For TE- and TM-polarized FW1 inputs (FW2 is always kept to be TM-polarized), the SFG signal can be electrically controlled via the cascading process. The output with respect to the applied voltage is shown in Fig. 5. The cascading process hints at a working point where the output can be insensitive to the input polarization, i.e., a TE/TM polarization-independent operation. The intersection point of the two curves clearly shows the existence of such a condition. In our experiment, when the applied voltage is 14.1 V, the SFG output value is the same for both TE and TM inputs, as marked by the arrow. This is the critical condition when the device becomes TE/TM polarization-independent. The efficiency is 30% of that for the TM-polarized input. The actual voltage is multiple times larger than the theoretical prediction, which may result from the inefficiency of the electrodes. The effective gap of the electrodes is much larger than the waveguide width. Although the conversion efficiency is reduced, it can be compensated for by increased pump power for SFG. It is worth noticing that this characteristic can be observed at different wavelengths; see also Fig. 3(a). But the wavelength of FW2 has to be kept away from the polarization coupling condition to avoid decreased effective pump power when the voltage is applied. The suitable working temperature of this device is from room temperature to 47°C. As shown in Fig. 5, the polarization dependence as represented by the conversion efficiency ratio between TE- and TM-polarized inputs is balanced from 0:1 (0 for phase mismatched conversion and 1 for normalized perfect QPM) to 0.3:0.3. It is worth mentioning that the transmission or loss inequality between the TE and TM modes in the device has been included. Loss or coupling difference between TE and TM modes in the waveguide can be directly compensated, while the issue needs careful balancing in polarization diversity configuration. The difference can be easily cancelled out by tuning the applied voltage in our scheme. Thus, a TE/TM polarization-independent frequency conversion scheme is established.

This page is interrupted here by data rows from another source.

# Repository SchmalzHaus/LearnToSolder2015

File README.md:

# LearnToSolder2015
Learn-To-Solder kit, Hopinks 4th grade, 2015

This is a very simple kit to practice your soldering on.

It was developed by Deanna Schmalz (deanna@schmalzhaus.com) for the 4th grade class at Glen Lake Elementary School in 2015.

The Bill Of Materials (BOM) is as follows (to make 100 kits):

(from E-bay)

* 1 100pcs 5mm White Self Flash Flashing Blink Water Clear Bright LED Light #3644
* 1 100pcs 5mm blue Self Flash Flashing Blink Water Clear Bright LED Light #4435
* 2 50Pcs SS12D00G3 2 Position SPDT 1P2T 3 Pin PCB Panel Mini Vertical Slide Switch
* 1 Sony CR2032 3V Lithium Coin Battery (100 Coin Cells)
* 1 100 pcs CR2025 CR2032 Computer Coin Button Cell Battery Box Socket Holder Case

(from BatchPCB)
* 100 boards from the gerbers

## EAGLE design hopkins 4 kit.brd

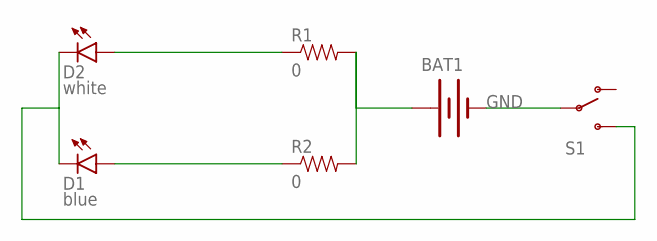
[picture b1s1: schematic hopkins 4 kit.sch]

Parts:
BAT1: BATTERY20PTH; BATTCOM_20MM_PTH
D1: blue; LED5MM
D2: white; LED5MM
R1, R2: 0; AXIAL-0.4
S1: SWITCH-SPDTPTH_LOCK; SWITCH-SPDT_LOCK.007S

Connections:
GND: BAT1.2 (-), S1.2
unnamed: BAT1.1 (+), R1.P$2 (2), R2.P$2 (2)
unnamed: D2.A, R1.P$1 (1)
unnamed: D1.A, R2.P$1 (1)
unnamed: D1.K (C), D2.K (C), S1.3 (S)

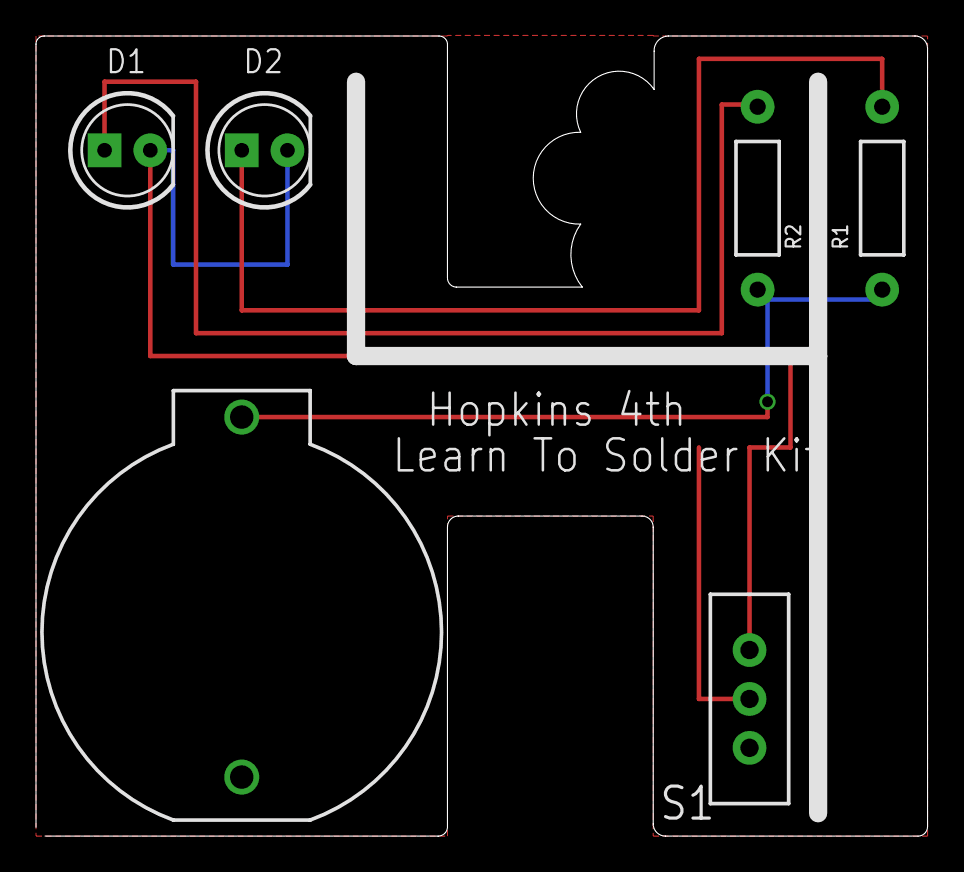
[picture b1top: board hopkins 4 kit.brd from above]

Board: 2 copper layers, 49.5 x 44.5 mm, 6 parts (0 on the bottom side), 5 nets.

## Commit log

2015-05-29 Checking in files for the first time.
2015-05-29 Updated readme.md.
2015-06-01 Added Power Point presentation given at Maker Faire MSP 2015.
2018-03-18 Create LICENSE

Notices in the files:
parts and their libraries:
SparkFun-Electromechanical: Licensing: Creative Commons ShareAlike 4.0 International - https://creativecommons.org/licenses/by-sa/4.0

As previously mentioned, to address the polarization sensitiveness of frequency conversion based on the second-order nonlinearity, the polarization multiplexing scheme introduces additional complexities and redundancies to the device. And the method requires precision balancing of the optical loss and conversion efficiency for both polarizations in advance. In our scheme, by a simple modification to the PPLNOI ridge waveguide, the frequency converter can work in a TE/TM polarization-independent mode, and the balancing can be achieved by tuning the applied voltage. It can be envisioned that such a scheme may be of use in applications such as all-optical wavelength conversion and upconversion detection.

In conclusion, we have experimentally demonstrated a paradigm of TE/TM polarization-independent frequency upconversion by leveraging polarization coupling and SFG in the PPLNOI ridge waveguide. Taking advantage of the LNOI ridge waveguide, low voltage and enhanced conversion efficiency can be obtained. The TE/TM polarization-independent operation can be accessed at different wavelengths via temperature tuning. The demonstrated method may find ready applications in all-optical wavelength conversion and upconversion detection technologies.